WINTER HEAT AT HOMESTEAD-MIAMI SPEEDWAY

Max Papis Coming to HMS

World renowned racer, Max Papis, is scheduled to compete during the Florida Winter Tour. Papis is considered one of the most versatile and accomplished race drivers in the world (photo courtesy: Rainier Erhardt, GETTY IMAGES SPORT)

At a time when most of the country is experiencing cold temperatures and snowfall, the Florida Winter Tour is heating up. Formula Kart Productions kicked off the 16th Florida Winter Tour presented by Ocala Gran Prix last weekend at the popular Homestead Karting facility on the grounds of Homestead-Miami Speedway.

The opening rounds of the 2014 edition of FWT featured the shifter and TaG classes of the Formula Kart Racing program. This week’s action will feature ROTAX karts. The FWT is one of the world's best opportunities for racers from around the globe to hone and sharpen their skills in great weather against fierce competition before their usual summer schedules begin.

“Go-karting” began in the late 1950s in parking lots across America as an informal (and more affordable) form of motorsports. As these grassroots events rapidly grew into organized competition, the phenomenon spread around the globe and spawned a multibillion dollar industry.

While the “go” in the name has been dropped by those who race, “karting” has gone on to become a primary recreational activity for an estimated 100,000-plus Americans each year. And in South Florida, the prime spot for such happens at Homestead-Miami Speedway, where track officials constructed a purpose-built 12-turn, 0.7-mile karting facility for the development of future motorsports stars.

“We want to be known as a hub where kids can cut their teeth in order to make the next step in racing—whether it’s in sports cars, open-wheel cars or NASCAR,” said Homestead-Miami Speedway Vice President of Operations Al Garcia.

To the naked eye there are hardly any similarities between, say, a NASCAR Sprint Cup Series car and a 150-pound kart. Yet, the handling characteristics of a kart do in fact mirror those of some of the world’s most technologically advanced racing machines.

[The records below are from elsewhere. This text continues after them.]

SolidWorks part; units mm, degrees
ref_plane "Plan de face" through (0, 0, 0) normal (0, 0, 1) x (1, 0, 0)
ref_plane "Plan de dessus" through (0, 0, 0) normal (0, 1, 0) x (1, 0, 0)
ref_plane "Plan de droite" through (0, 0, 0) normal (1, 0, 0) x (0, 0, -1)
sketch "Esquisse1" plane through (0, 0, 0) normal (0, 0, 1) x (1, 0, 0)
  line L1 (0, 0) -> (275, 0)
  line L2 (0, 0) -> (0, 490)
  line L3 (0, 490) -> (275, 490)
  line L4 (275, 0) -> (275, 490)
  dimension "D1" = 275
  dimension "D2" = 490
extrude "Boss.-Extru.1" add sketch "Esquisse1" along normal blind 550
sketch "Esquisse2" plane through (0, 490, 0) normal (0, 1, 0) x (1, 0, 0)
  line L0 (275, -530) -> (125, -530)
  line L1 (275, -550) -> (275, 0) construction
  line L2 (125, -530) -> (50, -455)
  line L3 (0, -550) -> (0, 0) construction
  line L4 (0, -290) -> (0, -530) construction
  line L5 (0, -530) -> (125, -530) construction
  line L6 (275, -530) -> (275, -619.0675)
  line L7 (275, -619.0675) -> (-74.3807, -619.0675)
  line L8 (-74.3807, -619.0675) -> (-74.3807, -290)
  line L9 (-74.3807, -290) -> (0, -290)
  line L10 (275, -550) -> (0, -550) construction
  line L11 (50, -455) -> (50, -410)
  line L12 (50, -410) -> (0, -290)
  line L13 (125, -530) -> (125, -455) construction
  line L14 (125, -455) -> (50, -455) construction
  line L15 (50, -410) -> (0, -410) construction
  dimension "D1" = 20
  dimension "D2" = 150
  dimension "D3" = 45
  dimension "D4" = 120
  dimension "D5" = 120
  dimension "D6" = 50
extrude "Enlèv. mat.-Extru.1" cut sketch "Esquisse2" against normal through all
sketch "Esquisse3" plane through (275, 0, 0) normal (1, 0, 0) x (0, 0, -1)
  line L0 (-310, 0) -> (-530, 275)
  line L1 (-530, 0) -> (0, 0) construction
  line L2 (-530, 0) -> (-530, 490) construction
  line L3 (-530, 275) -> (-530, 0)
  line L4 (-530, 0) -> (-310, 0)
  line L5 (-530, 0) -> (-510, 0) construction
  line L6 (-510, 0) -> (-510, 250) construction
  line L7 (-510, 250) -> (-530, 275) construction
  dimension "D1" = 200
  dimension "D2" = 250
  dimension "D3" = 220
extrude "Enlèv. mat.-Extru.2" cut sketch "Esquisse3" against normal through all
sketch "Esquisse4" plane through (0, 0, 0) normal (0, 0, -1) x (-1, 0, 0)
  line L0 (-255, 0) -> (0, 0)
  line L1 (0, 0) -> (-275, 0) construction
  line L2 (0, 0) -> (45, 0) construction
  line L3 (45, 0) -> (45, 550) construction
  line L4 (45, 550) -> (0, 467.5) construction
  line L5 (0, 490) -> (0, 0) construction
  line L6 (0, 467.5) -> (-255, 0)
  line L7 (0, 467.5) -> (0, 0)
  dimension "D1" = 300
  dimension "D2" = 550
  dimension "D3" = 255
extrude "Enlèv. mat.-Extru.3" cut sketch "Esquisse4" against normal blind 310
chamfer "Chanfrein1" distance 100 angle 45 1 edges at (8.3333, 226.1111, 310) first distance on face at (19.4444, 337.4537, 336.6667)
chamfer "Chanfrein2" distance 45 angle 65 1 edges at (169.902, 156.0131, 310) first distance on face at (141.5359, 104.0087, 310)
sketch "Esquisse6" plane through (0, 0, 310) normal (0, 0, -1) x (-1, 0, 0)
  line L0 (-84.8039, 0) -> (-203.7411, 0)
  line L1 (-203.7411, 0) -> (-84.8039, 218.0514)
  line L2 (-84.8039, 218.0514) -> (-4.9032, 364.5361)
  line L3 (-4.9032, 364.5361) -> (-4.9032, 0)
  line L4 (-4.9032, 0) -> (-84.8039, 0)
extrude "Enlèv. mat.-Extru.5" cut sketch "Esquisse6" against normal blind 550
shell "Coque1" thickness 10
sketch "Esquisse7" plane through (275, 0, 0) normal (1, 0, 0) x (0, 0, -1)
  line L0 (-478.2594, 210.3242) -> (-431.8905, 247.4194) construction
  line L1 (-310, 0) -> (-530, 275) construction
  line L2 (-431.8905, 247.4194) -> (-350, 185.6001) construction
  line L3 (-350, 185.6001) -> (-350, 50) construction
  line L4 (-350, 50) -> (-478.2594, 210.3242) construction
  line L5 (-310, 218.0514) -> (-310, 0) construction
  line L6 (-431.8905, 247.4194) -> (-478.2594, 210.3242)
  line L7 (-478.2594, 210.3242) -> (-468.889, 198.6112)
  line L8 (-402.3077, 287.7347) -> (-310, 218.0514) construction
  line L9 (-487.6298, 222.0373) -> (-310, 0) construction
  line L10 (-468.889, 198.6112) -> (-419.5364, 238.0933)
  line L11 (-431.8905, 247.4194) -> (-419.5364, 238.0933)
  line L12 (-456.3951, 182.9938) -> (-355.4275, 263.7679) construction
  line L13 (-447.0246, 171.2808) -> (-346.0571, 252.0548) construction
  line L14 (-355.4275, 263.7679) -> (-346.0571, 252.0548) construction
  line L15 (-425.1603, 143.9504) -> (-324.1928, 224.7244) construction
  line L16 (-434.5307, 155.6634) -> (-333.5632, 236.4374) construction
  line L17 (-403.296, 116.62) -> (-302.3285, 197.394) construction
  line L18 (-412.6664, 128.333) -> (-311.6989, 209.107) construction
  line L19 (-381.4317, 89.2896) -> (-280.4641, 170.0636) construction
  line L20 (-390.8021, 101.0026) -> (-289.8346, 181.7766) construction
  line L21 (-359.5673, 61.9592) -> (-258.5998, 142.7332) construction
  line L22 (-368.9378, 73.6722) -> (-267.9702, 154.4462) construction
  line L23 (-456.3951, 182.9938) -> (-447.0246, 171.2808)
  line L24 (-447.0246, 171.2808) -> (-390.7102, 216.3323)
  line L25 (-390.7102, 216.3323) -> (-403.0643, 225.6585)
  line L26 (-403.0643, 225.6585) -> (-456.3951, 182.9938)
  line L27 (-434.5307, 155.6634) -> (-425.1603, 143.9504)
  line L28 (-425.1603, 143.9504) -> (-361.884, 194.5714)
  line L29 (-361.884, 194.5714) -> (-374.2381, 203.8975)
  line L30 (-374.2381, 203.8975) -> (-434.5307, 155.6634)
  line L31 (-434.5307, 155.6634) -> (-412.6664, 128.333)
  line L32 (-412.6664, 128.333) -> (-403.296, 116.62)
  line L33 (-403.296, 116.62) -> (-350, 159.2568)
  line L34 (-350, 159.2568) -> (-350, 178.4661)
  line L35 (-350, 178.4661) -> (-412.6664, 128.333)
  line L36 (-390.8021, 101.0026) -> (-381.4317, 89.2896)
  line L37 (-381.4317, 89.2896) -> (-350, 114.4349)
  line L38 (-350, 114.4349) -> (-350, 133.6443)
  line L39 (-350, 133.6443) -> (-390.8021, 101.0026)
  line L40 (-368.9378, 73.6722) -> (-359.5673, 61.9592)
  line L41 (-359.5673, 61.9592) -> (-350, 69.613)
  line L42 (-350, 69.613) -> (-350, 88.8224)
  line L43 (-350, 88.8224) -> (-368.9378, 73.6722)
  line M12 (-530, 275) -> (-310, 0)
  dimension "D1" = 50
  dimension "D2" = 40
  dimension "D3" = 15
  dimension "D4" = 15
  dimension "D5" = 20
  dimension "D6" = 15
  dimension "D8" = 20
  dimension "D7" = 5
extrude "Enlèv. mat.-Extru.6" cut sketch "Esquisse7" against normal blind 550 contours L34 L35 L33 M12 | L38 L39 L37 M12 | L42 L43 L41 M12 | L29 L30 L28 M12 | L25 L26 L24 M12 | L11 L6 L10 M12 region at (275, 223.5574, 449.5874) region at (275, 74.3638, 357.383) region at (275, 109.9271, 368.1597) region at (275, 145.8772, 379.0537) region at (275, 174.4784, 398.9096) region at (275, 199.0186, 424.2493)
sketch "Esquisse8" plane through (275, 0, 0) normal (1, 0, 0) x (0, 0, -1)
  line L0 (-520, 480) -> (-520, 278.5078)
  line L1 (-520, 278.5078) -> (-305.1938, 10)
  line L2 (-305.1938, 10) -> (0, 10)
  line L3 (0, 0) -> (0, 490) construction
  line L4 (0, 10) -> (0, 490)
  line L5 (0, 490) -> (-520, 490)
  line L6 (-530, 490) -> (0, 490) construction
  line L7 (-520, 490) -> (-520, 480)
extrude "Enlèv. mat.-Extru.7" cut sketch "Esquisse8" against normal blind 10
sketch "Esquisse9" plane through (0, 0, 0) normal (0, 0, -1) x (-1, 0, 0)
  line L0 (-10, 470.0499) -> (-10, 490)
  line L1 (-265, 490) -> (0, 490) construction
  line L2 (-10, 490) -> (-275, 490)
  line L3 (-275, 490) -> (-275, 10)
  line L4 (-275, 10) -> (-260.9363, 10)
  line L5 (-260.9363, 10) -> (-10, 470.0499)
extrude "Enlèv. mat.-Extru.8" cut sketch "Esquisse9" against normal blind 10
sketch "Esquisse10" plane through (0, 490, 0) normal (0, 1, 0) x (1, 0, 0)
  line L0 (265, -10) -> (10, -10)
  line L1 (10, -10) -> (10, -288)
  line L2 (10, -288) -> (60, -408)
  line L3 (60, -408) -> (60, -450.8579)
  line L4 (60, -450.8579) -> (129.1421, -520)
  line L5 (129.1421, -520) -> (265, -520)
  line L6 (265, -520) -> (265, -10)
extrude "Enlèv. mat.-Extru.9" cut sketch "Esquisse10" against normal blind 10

“The biggest thing that young drivers learn, and the veterans work on constantly, is car control,” said Garcia. “Racing cars and karts move around quite a bit under heavy braking. Karting on a track like this helps to sharpen skills during hard braking.”

Indeed, a majority of today’s drivers at the highest levels of racing trace their beginnings to competitive karting including NASCAR veterans Tony Stewart, Sam Hornish Jr. and Danica Patrick.

Karting is really the beginning of the ladder system where drivers learn to employ the many different mechanisms involved in all forms of racing. Today’s kart racer is tomorrow’s racing star.

Drivers develop concentration, understand the concept of teamwork, improve their driving skills and start to build relationships with sponsors through karting.

“My overall goal is to develop the talents of the younger kids through instruction while offering technical support and becoming a mentor to these young drivers,” said Homestead Karting President Tony Schroeder. “Some of the fastest drivers in the world come through here.”

Regardless of an aspiring driver’s age, experience or budget, there is a karting class available, as organized events are available to individuals beginning at age 5.

“We host small intimate club events all the way up to one of the largest national events in the country,” said Schroeder. “We are full-service facility in that we offer storage, maintenance and instructional programs for everybody.

Drivers from around the nation are joined by international racers from as far away as Japan to compete in the FWT. Just how big an event is it? NASCAR veteran and sports car ace, Max Papis, is scheduled to race next week.

The two-time Rolex 24 At Daytona winner and former TUDOR United Sports Car Championship titleholder is widely regarded as one of the most versatile and accomplished race drivers in the world.

Papis has piloted numerous racing machines in a variety of disciplines including Formula 1, NASCAR, IZOD IndyCar Series, Champ Car and sports car racing including the Rolex 24 and the 24 Hours of Le Mans endurance races and Australian V8 Supercar.

As such, the Florida Winter Tour is expected to attract some impressive attendance numbers and a veritable “who’s who” from the world of karting. The promise of sunshine and spring-like weather can be reason enough to attend the Florida Winter Tour.